Whenever the word "ByBlock" appears in a line of the data below, copy that line.

Saved entries
···

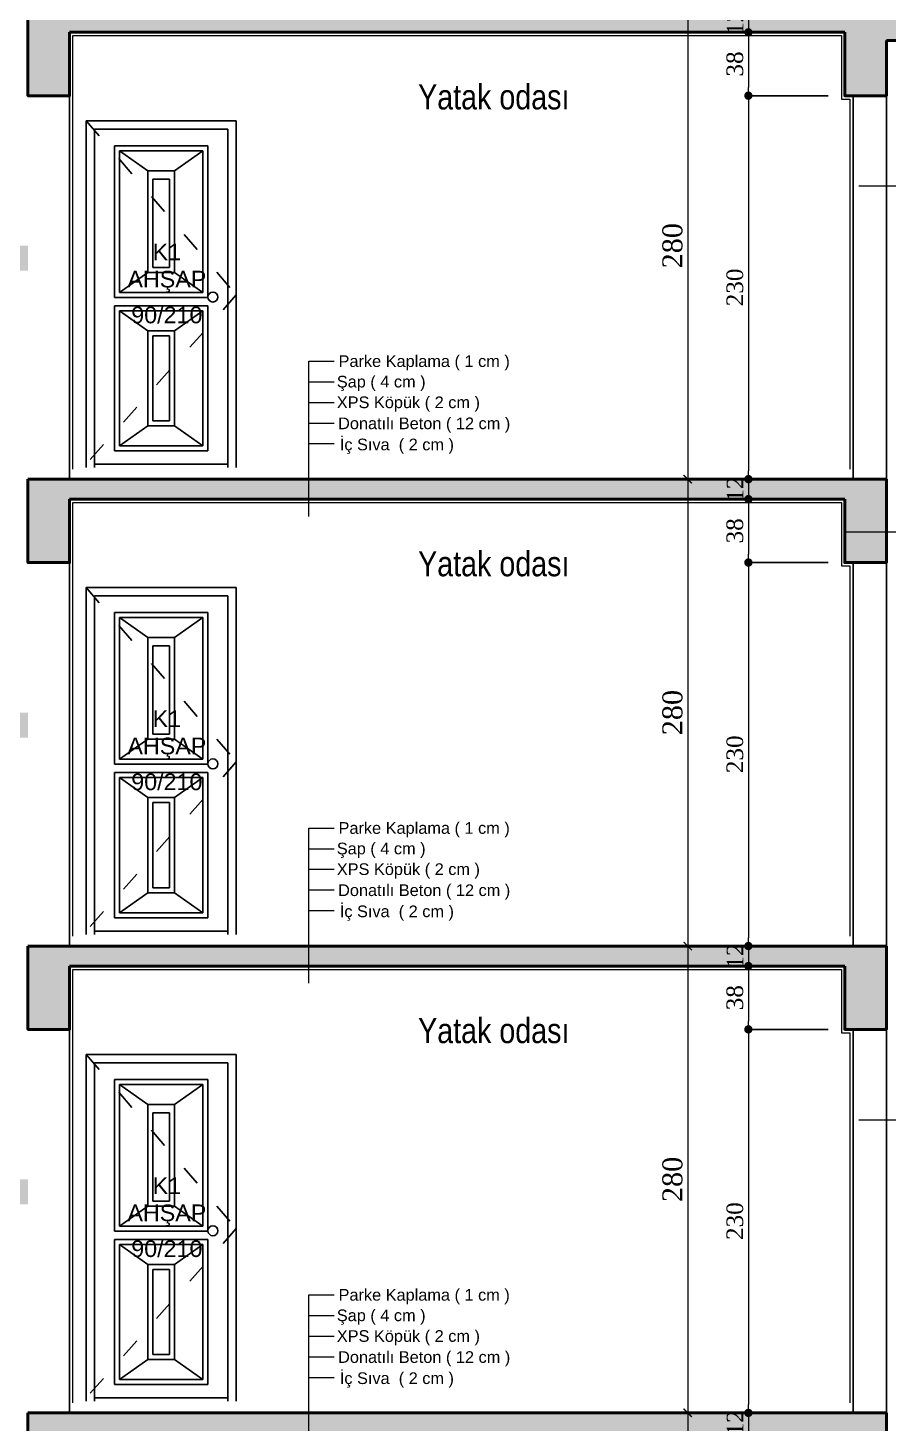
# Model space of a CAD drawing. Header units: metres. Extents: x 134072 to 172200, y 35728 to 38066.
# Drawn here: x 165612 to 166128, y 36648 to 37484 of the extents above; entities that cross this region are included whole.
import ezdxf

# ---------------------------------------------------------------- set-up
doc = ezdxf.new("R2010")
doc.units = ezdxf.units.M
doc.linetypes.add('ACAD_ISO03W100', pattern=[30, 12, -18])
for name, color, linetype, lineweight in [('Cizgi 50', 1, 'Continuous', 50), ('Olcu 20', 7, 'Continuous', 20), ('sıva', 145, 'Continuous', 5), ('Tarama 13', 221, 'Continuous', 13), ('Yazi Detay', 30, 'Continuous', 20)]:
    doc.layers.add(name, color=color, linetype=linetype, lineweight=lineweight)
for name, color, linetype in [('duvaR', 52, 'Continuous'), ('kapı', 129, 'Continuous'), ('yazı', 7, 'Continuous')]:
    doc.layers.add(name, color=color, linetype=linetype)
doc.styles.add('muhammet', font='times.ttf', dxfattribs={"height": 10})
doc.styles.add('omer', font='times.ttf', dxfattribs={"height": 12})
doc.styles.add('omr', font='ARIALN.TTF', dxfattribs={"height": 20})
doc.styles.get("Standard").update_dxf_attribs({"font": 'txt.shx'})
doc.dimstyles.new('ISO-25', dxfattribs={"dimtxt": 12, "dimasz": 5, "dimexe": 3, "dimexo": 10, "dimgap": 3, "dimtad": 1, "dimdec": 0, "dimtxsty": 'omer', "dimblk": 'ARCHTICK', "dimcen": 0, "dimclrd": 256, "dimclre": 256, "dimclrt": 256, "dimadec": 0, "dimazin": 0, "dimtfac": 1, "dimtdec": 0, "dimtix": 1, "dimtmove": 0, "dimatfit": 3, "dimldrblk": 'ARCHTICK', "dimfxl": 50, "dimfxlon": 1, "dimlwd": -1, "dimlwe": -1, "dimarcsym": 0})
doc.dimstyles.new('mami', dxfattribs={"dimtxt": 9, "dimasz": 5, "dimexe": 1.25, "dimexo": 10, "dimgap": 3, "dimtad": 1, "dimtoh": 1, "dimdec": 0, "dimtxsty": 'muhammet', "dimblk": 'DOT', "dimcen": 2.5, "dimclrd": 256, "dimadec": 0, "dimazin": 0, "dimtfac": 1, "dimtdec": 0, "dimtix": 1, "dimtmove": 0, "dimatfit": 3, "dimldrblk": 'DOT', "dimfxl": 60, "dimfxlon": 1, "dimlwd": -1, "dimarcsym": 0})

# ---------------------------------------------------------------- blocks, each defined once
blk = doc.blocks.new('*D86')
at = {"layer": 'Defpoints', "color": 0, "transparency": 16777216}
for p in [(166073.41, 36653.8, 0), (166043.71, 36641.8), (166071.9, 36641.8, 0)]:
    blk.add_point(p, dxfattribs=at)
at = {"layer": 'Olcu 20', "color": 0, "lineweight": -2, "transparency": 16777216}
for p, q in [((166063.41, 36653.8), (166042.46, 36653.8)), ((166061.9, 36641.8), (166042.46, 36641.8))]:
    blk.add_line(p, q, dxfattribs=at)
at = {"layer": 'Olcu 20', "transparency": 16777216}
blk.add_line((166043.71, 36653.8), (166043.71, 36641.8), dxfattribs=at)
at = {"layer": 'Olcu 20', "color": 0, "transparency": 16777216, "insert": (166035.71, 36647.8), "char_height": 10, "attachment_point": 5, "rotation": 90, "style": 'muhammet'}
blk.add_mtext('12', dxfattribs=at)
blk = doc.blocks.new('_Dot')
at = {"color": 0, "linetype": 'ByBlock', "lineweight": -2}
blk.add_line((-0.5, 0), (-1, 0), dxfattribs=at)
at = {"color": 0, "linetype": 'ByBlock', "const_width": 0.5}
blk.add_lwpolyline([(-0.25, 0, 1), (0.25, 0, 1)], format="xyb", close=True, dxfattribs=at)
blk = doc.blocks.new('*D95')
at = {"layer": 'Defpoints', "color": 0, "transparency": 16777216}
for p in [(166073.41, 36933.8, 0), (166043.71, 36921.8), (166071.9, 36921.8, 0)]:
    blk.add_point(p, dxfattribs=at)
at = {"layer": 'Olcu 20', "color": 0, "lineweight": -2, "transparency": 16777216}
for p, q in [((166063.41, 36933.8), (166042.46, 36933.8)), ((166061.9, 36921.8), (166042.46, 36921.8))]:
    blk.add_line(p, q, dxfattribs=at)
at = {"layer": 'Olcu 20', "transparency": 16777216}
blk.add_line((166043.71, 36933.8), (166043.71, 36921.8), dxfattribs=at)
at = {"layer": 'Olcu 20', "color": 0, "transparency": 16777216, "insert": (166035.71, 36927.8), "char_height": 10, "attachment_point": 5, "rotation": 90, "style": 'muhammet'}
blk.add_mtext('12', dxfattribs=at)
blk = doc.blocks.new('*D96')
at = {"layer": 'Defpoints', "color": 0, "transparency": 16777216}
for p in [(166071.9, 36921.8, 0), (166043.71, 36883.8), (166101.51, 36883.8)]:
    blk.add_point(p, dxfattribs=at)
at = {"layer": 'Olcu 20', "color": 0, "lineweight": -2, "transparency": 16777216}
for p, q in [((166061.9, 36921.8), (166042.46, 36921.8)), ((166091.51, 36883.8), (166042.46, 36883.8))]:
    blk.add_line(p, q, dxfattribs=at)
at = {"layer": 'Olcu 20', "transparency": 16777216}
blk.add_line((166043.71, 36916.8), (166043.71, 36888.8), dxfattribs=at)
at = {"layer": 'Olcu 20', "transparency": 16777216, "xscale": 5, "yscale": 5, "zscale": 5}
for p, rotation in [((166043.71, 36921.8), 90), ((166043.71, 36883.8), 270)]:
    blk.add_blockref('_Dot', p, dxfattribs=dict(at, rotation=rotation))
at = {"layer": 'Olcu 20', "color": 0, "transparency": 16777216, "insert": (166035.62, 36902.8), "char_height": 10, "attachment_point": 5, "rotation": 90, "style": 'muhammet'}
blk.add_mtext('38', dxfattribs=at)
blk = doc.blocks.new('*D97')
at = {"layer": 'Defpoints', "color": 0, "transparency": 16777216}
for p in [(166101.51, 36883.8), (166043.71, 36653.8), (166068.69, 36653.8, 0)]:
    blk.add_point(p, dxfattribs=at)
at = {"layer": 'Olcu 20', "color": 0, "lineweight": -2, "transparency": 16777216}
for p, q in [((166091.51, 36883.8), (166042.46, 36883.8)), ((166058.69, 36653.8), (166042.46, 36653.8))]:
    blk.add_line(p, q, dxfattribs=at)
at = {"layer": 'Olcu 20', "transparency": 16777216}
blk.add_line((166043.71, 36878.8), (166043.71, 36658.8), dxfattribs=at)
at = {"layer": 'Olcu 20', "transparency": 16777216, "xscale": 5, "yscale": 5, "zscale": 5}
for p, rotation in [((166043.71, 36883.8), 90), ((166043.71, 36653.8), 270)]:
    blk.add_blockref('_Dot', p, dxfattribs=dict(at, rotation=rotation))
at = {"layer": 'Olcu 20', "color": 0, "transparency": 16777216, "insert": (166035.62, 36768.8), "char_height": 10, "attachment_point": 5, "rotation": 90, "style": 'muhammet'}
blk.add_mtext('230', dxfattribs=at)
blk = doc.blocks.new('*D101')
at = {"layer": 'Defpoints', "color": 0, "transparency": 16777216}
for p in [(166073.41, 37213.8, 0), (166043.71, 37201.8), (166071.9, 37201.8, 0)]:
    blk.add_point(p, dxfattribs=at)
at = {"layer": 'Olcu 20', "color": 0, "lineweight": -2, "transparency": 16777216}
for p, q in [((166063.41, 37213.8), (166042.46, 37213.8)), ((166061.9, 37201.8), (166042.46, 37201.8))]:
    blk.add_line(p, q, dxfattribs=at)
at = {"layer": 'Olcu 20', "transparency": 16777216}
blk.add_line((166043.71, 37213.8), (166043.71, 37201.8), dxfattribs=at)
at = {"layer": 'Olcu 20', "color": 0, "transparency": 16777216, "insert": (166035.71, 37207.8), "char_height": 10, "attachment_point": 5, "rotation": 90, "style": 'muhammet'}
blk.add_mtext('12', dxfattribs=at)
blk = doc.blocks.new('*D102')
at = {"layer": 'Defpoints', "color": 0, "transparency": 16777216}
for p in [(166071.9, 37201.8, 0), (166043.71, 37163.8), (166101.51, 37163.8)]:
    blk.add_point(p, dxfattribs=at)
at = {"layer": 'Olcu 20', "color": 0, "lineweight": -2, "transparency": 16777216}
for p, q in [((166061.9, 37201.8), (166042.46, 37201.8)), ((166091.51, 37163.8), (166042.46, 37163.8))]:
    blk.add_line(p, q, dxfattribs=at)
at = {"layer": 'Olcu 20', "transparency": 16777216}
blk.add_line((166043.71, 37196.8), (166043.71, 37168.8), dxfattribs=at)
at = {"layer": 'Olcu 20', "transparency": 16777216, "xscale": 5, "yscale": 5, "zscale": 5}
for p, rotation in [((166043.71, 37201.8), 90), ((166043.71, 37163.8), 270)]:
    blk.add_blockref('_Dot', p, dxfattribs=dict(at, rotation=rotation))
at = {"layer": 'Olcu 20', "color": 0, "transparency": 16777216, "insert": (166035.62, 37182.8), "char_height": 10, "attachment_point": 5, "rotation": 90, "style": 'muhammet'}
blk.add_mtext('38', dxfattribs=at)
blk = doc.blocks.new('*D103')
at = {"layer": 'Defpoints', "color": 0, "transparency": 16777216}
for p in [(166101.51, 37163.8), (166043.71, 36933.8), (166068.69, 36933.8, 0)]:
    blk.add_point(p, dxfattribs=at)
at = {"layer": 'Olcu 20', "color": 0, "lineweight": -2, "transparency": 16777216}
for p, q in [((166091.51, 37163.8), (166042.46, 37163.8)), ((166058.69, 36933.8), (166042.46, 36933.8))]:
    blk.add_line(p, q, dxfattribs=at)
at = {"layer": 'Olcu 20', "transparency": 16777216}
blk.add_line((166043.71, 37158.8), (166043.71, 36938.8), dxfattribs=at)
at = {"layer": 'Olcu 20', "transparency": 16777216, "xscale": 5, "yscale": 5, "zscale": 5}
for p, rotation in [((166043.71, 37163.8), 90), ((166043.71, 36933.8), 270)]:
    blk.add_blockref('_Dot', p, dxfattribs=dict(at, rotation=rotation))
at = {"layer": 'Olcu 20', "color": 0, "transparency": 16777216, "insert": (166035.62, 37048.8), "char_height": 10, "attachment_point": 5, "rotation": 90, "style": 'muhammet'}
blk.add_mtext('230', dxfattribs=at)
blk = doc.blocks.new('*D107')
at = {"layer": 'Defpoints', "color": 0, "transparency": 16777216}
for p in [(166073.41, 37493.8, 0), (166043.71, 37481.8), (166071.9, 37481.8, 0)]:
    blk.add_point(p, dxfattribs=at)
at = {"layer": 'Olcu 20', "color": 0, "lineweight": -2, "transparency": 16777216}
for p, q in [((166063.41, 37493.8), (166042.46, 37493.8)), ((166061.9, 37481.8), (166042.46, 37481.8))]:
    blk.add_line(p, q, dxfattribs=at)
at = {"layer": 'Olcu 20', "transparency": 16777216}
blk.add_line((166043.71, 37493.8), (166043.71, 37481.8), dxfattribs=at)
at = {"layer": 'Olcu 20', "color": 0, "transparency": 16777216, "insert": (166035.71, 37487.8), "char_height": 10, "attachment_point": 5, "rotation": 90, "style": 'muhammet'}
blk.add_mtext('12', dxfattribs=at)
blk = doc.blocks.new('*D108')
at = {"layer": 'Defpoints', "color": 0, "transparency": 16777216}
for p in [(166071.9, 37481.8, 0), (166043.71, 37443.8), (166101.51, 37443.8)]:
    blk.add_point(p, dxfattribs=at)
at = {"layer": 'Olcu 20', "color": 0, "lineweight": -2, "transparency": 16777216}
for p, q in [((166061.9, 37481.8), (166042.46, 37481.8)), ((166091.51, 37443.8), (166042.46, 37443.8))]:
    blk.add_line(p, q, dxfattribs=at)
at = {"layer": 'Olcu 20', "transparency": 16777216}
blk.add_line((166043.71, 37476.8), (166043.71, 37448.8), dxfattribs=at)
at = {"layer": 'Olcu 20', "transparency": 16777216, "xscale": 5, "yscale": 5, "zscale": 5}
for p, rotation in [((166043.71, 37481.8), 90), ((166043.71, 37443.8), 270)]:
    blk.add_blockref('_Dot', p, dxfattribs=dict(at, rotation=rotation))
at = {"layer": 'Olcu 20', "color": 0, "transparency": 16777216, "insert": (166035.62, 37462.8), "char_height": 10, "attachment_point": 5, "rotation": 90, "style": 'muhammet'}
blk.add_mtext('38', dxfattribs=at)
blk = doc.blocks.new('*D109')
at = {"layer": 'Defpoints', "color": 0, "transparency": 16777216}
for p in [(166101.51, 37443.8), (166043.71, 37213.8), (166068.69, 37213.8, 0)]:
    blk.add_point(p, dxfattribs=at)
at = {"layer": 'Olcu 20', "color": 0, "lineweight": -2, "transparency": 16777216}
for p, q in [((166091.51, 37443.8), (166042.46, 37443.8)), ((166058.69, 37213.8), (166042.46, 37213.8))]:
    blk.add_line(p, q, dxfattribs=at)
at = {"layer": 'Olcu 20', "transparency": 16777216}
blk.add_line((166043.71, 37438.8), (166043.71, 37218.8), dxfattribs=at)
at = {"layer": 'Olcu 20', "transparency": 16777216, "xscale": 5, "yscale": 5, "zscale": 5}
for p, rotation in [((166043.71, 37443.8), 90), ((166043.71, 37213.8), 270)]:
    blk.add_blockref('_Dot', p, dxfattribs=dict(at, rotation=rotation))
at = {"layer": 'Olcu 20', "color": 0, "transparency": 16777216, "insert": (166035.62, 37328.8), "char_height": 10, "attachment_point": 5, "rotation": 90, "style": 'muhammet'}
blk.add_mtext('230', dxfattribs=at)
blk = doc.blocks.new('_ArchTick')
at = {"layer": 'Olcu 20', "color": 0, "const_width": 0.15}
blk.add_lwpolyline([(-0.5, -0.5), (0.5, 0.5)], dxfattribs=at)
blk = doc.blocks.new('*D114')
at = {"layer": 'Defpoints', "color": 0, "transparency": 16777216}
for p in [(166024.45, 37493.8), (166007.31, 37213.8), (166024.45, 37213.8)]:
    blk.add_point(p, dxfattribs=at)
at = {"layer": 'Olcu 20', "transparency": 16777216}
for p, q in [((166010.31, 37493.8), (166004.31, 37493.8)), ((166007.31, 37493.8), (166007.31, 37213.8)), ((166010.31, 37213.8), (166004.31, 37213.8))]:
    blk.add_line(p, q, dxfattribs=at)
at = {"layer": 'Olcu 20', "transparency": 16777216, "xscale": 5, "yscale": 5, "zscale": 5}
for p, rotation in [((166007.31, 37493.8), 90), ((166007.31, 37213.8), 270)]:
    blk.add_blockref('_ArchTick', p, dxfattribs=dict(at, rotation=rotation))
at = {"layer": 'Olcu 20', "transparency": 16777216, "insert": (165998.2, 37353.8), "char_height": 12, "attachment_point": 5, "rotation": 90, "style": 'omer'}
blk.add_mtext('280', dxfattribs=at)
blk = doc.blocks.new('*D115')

···

[Solution to this problem]
at = {"color": 0, "linetype": 'ByBlock', "lineweight": -2}
at = {"color": 0, "linetype": 'ByBlock', "const_width": 0.5}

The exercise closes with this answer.